I works great though. I got y 25w Visi therm deluxe for only 17.00 it was on sale though.


----------



## dramaqueen (Jul 7, 2008)

The one I got last year was on sale at Marinedepot but they aren't on sale this year.  I'll just go to Walmart and get one of those Tetra whispers. Petsmart doesn't have 25 watt heaters.Neither does Feeders Supply.


----------



## Calmwaters (Sep 2, 2009)

I have the one your talking about from Walmart in my 2.5 gallons and it works great in both of them.


----------



## Jupiter (Aug 30, 2009)

I have a tetra heater too. I put it in last night to start heating up the tank. The water was 68, and now it's only 73...the heater in my 10 gal was much quicker.


----------



## dramaqueen (Jul 7, 2008)

I'm having trouble finding 25 watt heaters around here. They're all 50 watt and up. I did see a Marineland heater , a 10 watt, in the drsfosterandsmith catalog today, that I might order.
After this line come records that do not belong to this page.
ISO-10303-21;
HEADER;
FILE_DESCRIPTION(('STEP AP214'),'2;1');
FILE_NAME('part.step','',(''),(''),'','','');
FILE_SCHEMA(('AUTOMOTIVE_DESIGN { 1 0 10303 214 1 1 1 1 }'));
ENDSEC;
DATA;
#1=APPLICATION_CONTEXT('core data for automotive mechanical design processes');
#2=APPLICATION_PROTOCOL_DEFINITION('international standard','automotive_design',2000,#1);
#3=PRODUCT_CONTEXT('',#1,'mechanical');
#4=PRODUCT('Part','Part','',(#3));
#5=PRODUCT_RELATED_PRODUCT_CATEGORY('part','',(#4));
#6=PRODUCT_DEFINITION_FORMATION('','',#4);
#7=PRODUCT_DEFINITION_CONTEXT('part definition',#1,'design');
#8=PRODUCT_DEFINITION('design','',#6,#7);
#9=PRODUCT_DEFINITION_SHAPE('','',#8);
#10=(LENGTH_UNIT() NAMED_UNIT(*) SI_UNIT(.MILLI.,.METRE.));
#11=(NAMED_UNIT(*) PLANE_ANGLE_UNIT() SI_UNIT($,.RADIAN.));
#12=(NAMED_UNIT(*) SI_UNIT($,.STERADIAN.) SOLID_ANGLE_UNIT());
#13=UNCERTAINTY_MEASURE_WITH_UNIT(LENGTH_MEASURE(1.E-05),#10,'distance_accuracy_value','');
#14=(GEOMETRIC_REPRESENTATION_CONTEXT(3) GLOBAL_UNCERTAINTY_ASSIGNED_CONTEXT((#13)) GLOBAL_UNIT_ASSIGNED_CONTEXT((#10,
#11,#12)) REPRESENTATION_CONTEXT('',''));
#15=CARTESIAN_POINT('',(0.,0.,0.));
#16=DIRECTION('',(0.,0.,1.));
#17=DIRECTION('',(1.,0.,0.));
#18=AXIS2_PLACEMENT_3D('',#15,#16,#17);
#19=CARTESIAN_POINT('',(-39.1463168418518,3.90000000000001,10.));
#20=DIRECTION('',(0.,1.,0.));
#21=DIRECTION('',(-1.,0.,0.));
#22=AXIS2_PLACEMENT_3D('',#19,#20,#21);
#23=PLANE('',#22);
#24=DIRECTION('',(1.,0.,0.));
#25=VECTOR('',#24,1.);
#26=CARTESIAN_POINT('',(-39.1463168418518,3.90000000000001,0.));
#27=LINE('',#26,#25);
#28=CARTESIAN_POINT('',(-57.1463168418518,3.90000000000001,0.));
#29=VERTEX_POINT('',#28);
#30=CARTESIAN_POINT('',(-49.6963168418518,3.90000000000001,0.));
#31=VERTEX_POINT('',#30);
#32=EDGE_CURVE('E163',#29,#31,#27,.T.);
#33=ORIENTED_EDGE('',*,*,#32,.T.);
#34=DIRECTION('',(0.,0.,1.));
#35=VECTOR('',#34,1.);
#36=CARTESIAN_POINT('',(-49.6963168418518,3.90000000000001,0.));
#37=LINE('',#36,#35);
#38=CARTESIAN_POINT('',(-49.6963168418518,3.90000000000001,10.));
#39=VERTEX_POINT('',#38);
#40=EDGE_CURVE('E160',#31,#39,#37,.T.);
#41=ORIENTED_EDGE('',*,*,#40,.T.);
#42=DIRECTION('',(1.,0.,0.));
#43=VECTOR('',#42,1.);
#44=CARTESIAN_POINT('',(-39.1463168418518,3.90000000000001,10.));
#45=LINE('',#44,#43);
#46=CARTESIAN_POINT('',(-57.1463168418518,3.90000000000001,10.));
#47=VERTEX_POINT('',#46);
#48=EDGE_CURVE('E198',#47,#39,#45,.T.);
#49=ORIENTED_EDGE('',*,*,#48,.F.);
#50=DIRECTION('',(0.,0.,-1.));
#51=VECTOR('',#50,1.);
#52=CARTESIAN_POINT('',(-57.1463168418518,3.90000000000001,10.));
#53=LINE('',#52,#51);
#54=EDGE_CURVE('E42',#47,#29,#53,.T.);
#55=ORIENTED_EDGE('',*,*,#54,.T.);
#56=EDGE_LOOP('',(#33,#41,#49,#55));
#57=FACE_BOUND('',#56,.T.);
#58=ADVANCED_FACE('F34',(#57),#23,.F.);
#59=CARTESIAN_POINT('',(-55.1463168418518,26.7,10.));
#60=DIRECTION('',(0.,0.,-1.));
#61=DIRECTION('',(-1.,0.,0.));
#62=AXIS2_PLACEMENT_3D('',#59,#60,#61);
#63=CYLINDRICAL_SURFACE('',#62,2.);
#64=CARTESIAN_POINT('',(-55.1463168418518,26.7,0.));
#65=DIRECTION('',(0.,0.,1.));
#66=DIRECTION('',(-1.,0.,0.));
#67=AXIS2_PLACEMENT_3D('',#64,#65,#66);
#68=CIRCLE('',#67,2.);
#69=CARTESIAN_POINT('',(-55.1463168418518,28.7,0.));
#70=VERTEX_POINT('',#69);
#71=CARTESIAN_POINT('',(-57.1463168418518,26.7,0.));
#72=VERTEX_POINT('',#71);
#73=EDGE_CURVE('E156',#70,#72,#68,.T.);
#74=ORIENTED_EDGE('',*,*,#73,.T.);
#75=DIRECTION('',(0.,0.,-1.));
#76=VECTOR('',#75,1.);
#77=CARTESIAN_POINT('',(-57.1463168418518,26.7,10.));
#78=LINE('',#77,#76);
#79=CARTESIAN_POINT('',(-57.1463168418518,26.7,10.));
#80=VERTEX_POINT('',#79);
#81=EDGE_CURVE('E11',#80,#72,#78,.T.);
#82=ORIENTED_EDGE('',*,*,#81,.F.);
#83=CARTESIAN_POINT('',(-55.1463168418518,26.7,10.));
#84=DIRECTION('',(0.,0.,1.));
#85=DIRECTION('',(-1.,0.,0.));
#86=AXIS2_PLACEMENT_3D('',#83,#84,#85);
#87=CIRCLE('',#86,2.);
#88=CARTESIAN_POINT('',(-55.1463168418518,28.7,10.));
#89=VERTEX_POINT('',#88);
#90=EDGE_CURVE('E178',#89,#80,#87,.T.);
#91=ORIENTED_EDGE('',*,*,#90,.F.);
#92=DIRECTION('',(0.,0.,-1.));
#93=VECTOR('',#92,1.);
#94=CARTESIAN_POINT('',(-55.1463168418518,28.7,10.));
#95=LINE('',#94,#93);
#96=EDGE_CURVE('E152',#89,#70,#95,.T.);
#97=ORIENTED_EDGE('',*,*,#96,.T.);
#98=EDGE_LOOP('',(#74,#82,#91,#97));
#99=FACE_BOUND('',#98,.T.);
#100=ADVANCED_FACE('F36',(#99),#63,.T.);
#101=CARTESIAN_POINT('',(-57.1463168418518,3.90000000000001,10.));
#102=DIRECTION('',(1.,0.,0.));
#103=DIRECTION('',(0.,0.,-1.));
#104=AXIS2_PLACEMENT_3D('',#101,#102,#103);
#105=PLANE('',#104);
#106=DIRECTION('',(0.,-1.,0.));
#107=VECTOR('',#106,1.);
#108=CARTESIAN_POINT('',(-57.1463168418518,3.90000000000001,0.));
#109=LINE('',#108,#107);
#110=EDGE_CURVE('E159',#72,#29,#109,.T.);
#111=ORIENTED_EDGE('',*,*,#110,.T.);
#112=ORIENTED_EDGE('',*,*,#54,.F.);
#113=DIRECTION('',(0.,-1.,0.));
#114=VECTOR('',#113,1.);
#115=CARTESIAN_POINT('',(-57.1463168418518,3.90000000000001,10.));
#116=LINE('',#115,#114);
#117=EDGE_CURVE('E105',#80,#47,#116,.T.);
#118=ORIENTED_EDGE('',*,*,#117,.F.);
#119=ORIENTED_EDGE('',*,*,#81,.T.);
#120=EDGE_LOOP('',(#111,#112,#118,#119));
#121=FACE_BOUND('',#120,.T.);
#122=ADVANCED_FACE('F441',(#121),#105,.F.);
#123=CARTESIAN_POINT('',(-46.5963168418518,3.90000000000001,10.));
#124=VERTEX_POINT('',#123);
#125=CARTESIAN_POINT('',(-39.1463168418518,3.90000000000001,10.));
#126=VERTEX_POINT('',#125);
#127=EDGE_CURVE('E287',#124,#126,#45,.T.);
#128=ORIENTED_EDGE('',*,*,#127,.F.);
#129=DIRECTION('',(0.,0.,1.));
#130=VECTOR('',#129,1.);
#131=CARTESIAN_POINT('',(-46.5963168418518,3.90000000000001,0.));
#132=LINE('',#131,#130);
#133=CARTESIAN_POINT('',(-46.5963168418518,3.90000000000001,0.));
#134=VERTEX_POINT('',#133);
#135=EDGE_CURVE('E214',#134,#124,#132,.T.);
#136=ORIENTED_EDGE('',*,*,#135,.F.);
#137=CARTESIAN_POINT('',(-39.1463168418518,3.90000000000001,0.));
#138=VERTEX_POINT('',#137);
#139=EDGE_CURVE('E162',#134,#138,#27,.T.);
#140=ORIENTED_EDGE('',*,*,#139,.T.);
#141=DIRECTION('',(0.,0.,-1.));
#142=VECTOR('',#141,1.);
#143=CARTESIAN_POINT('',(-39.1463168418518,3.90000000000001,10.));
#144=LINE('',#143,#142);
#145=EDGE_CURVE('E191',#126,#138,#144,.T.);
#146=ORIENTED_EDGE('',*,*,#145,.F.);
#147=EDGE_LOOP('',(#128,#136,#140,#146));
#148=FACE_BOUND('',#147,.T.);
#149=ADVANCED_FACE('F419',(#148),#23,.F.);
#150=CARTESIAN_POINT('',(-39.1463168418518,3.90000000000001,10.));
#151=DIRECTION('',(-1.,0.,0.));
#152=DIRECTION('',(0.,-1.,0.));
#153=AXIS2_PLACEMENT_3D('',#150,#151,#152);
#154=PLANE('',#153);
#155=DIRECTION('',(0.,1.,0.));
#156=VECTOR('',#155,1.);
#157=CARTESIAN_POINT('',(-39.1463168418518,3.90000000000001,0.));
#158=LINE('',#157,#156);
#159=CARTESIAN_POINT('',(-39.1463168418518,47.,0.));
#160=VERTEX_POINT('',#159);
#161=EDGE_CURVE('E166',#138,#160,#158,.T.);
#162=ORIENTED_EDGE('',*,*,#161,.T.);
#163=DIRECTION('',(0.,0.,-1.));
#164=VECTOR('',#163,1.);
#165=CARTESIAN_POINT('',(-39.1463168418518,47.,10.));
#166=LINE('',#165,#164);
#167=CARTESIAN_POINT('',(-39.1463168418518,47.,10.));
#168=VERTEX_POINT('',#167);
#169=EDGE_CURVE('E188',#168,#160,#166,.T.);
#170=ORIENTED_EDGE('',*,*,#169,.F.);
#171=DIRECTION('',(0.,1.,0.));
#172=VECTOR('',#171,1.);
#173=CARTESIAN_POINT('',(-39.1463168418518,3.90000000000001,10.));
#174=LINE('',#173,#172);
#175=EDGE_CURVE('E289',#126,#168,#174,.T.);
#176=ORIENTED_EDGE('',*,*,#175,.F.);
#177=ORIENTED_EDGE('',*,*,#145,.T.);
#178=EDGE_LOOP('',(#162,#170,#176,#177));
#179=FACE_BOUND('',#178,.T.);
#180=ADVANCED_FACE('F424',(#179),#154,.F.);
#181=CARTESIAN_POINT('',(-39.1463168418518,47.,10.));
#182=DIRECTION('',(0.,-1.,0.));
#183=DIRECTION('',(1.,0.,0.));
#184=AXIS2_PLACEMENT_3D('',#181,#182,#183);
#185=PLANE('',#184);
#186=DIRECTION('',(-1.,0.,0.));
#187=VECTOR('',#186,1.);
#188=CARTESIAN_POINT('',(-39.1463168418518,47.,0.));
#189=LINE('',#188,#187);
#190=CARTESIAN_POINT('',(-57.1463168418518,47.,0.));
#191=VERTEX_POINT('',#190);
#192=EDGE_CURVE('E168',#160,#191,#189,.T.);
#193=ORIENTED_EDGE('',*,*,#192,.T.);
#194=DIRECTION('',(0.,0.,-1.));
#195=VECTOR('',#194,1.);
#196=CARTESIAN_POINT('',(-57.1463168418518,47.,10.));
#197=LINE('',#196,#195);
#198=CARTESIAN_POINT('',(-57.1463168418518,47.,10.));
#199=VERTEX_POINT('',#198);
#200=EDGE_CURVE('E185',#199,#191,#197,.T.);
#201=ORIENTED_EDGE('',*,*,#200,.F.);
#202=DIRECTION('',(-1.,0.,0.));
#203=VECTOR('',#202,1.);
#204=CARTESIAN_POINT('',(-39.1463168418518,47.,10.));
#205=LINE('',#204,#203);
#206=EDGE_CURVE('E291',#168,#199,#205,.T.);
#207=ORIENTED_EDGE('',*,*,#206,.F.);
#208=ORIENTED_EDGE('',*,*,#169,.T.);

I'll have to look for it on their website.


----------



## flying fish (Sep 30, 2009)

I dont really know xD
Im currently using one of those reptile heat lamps, just hanging it over his little tank.
Works well, keeps his water warm, 
a couple of the drawbacks are that he cant have a day/night cycle, and it doesnt always work.
Do you think I should just take him off it?
It will prepare him for his possible upcoming car ride in a few weeks/months.


----------



## 1fish2fish (Sep 10, 2009)

Right now I have two bettas in 1 gal bowls... its starting to get cold here and they're tanks get in the upper 60s at night... during the day I shine desk lamps overtop.

Im looking at either a hydor mini heater (they're at petco around 20bucks) or a marineland 10w off amazon.com

Both have good ratings.(I just need one as the other fish is going in a 3 gal after qt)

I have a question for y'all... what wattage would you put in a 3 gallon?(I was thinking 25w?)


----------



## dramaqueen (Jul 7, 2008)

I use a 25 watt in a 2.5 gallon. I'm glad you mentioned that the Marineland 10 watt has a good rating because I may get one.


----------



## AlexXx (Aug 23, 2009)

Its starting to get cold around here too, i was about to ask about heaters.

I may go look at Walmart for the tetra u guys are suggesting. 

What wattage should i get for my 10 gal?


----------



## dramaqueen (Jul 7, 2008)

I'd go with a 50 watt for a 10 gallon.


----------



## ChristinaRoss (Sep 4, 2009)

that should work fine, but, get a thermometer just to watch the temperature to make sure its ok


----------



## doggyhog (Apr 30, 2009)

AlexXx said:


> Its starting to get cold around here too, i was about to ask about heaters.
> 
> I may go look at Walmart for the tetra u guys are suggesting.
> 
> What wattage should i get for my 10 gal?


You can even get away with a 75w, but you just have to monitor the temps more. Buuut..... since your in florida, a 50w will get the job done very well. Grrrrrr it's so cold here! I'm so jealous. :lol: LOL


----------



## dramaqueen (Jul 7, 2008)

Yeah, it's cold here, too. I HATE cold weather! lol


----------



## PinkDiamond (Apr 21, 2009)

I just ordered two of the Visi-Therm Stealth 25 watt heaters for my tanks from Big Al's Online. I was on the Canadian Big Al's site, but I'm 90% sure I saw the 25s on the US site as well. 

I totally feel your pain, the small Stealths can be so hard to get! Good luck!


----------



## dramaqueen (Jul 7, 2008)

I just picked up a Tetra heater for 2-15 gallon aquariums. I have another one in one of my tanks.


----------



## Jupiter (Aug 30, 2009)

To update, I'm not happy with this heater at all. :|

It's only been heating the tank between 73-75 degrees.

What I got was a Tetra heater for 2-7 gallons (if i remember correctly), preset to 78 degrees. It doesn't even go higher than 73 usually, so avoid this unless you live somewhere warm I guess.


----------



## dramaqueen (Jul 7, 2008)

Mine was going to about 76 or so. I need to put the thermometer back in Rusty's tank. He must be warm enough, though. He built me a lovely bubblenest! lol


----------



## deathofcontract (Oct 19, 2009)

I'm going to have to invest in one of these in a few months...thankfully my room temp is 82 lol


----------